# twins!! and on my birthday too! NEW PICS



## minibarn (Jul 20, 2010)

my last doe for spring kiddings had twins this morning :kidred: :kidblue: ! I needed to go to work but my almost-16 yr old assisted the doe. She did great! I haven't got a pic of the doeling yet but had to show you the buckling's crazy looking ears! They must have been folded over the top of his head while in utero. I suppose they will straighten out eventually. He makes me laugh every time I look at him! :laugh: I'll post more pics of both when I have time.


----------



## KFOWLER (Oct 5, 2010)

*Re: twins!!*

Beautiful...even with the ears!!!


----------



## Calico Patch Farm (Mar 8, 2011)

*Re: twins!!*

He is super handsome  Love the color.


----------



## toth boer goats (Jul 20, 2008)

*Re: twins!! and on my birthday too!*

:birthday: :birthday: :cake:

and congrats on the new arrivals ...so cute....


----------



## liz (Oct 5, 2007)

*Re: twins!! and on my birthday too!*

What an adorable little guy  And a Happy Birthday to you :cake:


----------



## freedomstarfarm (Mar 25, 2011)

*Re: twins!! and on my birthday too!*

Happy Birthday! :balloons:

He is cute and I love those ears!! I would want them to stay like that it makes him so special!


----------



## Itchysmom (Apr 3, 2010)

*Re: twins!! and on my birthday too!*

Those ears make him look like a little devil  He is a cutie for sure! What a nice birthday present!


----------



## milk and honey (Oct 31, 2010)

*Re: twins!! and on my birthday too!*

That's the first thing I thought of too! El Diablo! (or at least .. Very Mischievious!)


----------



## milk and honey (Oct 31, 2010)

*Re: twins!! and on my birthday too!*

Or... maybe a Viking???


----------



## kid'n'kaboodle (Mar 5, 2011)

*Re: twins!! and on my birthday too!*

:stars:  He looks pretty cute (and mischievous). Congrats, and Happy belated birthday. What a great birthday gift! :gift:


----------



## helmstead (Oct 2, 2008)

*Re: twins!! and on my birthday too!*

Congrats & Happy Birthday!
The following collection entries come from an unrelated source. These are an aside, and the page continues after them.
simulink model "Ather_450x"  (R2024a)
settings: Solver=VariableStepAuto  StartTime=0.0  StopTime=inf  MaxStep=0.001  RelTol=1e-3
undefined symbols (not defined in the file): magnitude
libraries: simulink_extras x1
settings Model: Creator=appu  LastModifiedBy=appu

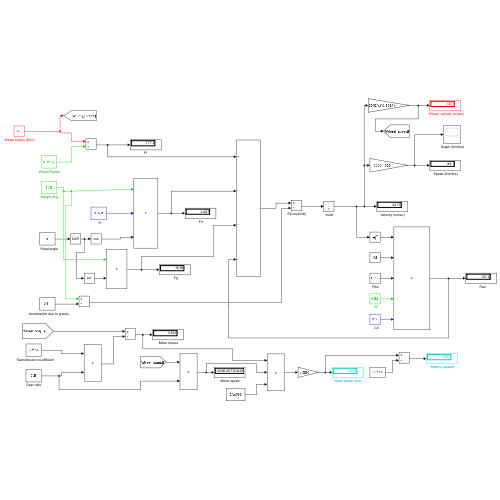
[thumbnail: Simulink's stored preview of the top-level diagram]
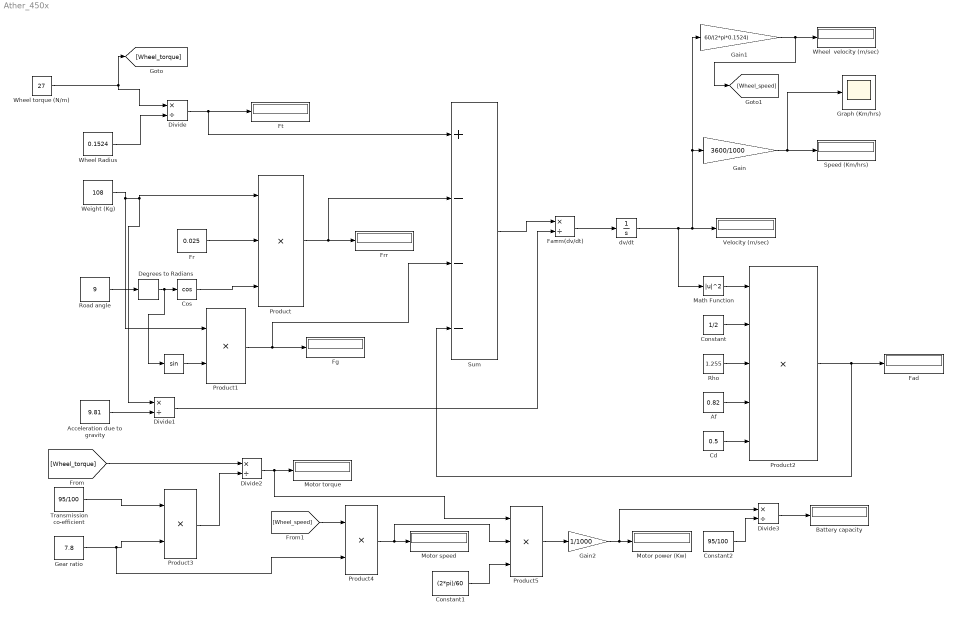
== system Ather_450x ==
  " " : Trigonometry
  "      Gear ratio      " : Constant  Value=7.8
  "    Road angle" : Constant  Value=9
  "   Acceleration due to gravity" : Constant  Value=9.81
  "   Cd" : Constant  Value=0.5
  "   Fad" : Display
  "   Fr" : Constant  Value=0.025
  "   Transmission co-efficient" : Constant  Value=95/100
  "   Wheel  velocity (m/sec)" : Display
  "  Af" : Constant  Value=0.82
  "  Battery capacity" : Display
  "  Fg" : Display
  " Fa=m(dv/dt)" : Product  Inputs=*/
  " Frr" : Display
  " Graph (Km/hrs)" : Scope
  " Motor power (Kw)" : Display
  " Motor speed" : Display
  " Motor torque" : Display
  " Rho" : Constant  Value=1.255
  " Speed (Km/hrs)" : Display
  " Velocity (m/sec)" : Display
  " Weight (Kg)" : Constant  Value=108
  " Wheel Radius" : Constant  Value=0.1524
  " Wheel torque (N/m)" : Constant  Value=27
  " dv/dt" : Integrator
  Constant : Constant  Value=1/2
  Constant1 : Constant  Value=(2*pi)/60
  Constant2 : Constant  Value=95/100
  Cos : Trigonometry  Operator=cos
  Degrees to Radians : simulink_extras/Transformations/Degrees to Radians
  Divide{,1..3} (4 alike) : Product  Inputs=*/
  Ft : Display
  Gain : Gain  Gain=3600/1000
  Gain1 : Gain  Gain=60/(2*pi*0.1524)
  Gain2 : Gain  Gain=1/1000
  Math Function : Math  Operator=magnitude^2
  Product : Product  Inputs=3
  Product1 : Product
  Product2 : Product  Inputs=5
  Product3 : Product
  Product4 : Product
  Product5 : Product  Inputs=3
  Sum : Sum  Inputs=+---
  wires:
  " Wheel Radius"/1 -> Divide/2
  Divide/1 -> Sum/1, Ft/1
  "    Road angle"/1 -> Degrees to Radians/1
  Degrees to Radians/1 -> " "/1, Cos/1
  " Weight (Kg)"/1 -> Product1/1, Divide1/1, Product/1
  "   Fr"/1 -> Product/2
  Cos/1 -> Product/3
  Product/1 -> Sum/2, " Frr"/1
  " "/1 -> Product1/2
  Product1/1 -> Sum/3, "  Fg"/1
  "   Acceleration due to gravity"/1 -> Divide1/2
  " Fa=m(dv/dt)"/1 -> " dv/dt"/1
  " dv/dt"/1 -> Math Function/1, Gain1/1, Gain/1, " Velocity (m/sec)"/1
  Math Function/1 -> Product2/1
  Constant/1 -> Product2/2
  " Rho"/1 -> Product2/3
  "  Af"/1 -> Product2/4
  "   Cd"/1 -> Product2/5
  Product2/1 -> Sum/4, "   Fad"/1
  Gain/1 -> " Graph (Km/hrs)"/1, " Speed (Km/hrs)"/1
  Gain1/1 -> [Wheel_speed], "   Wheel  velocity (m/sec)"/1
  "   Transmission co-efficient"/1 -> Product3/1
  "      Gear ratio      "/1 -> Product4/2, Product3/2
  [Wheel_torque] -> Divide2/1
  Product3/1 -> Divide2/2
  Divide2/1 -> Product5/1, " Motor torque"/1
  [Wheel_speed] -> Product4/1
  Product4/1 -> Product5/2, " Motor speed"/1
  Constant1/1 -> Product5/3
  Product5/1 -> Gain2/1
  Gain2/1 -> Divide3/1, " Motor power (Kw)"/1
  Constant2/1 -> Divide3/2
  Divide3/1 -> "  Battery capacity"/1
  " Wheel torque (N/m)"/1 -> Divide/1, [Wheel_torque]
  Sum/1 -> " Fa=m(dv/dt)"/1
  Divide1/1 -> " Fa=m(dv/dt)"/2

He looks like a Spock =P


----------



## jodief100 (Jan 15, 2011)

*Re: twins!! and on my birthday too!*

Very cute. Cangratulations!


----------



## minibarn (Jul 20, 2010)

*Re: twins!! and on my birthday too!*

Thankyou all for your kind words! The twins are doing fine so far and the goofy looking buck is quite mischievous already! I've added a couple pics including the doeling now too. both are tiny and cute!


----------



## freedomstarfarm (Mar 25, 2011)

Gosh they are quite the looker pair! I love her eye shadow. Are you keeping either?


----------



## kid'n'kaboodle (Mar 5, 2011)

Oh my gosh, I think I'm in love. That little doeling is just the cutest! I'm sure she'll get over the trauma of having a goofy brother.


----------



## lissablack (Nov 30, 2009)

They are just darling. His ears are too cute. The doeling is lovely.

Jan


----------



## minibarn (Jul 20, 2010)

thankyou! no, we will not be keeping either. I'm actually considering also selling their mother because she is extremely bossy and even downright mean to the other does and also their babies. she had been hard to catch while pregnant but now wants lots of petting. crazy goat!


----------



## freedomstarfarm (Mar 25, 2011)

One doe I have was very hard to catch; she was never mean to the others but was scared of people. After her first kidding last year she has become one of the biggest loves and always walks right up to people for attention. If you really like the mom you should see if the birth changed her attitude in a good way permanently.


----------



## naturalgoats (Jan 3, 2011)

SOOOO cute!!! congratulations! and happy birthday!!!! I hope his ears don't straighten out  they are so cute!!!


----------



## Kristenkay26 (Jun 16, 2011)

Congrats!! They are beautiful :lovey:


----------



## freckles (Jun 17, 2011)

How adorable, Love his ears


----------



## RMADairyGoats (Jun 20, 2011)

The buckling looks like a cape buffalo!!!! :slapfloor: Love the doeling too!!! :drool: Congrats!


----------



## RowdyKidz (Apr 2, 2009)

They're very cute! :thumb: :greengrin: Are they registered? I love the buckling's ears!


----------



## minibarn (Jul 20, 2010)

They are not registered. Just a few days ago, mom and both babies went to their new home, where they were a surprise gift for 2 little girls! I know they've gone to a good home but I do miss them. The bucklings ears were still just as curled at 2 wks old as they were at birth so I really wonder if they'll ever straighten. Now that we're getting started with a small flock of katahdin sheep (see 'in the barn' section) we need to downsize a little on the goat herd.


----------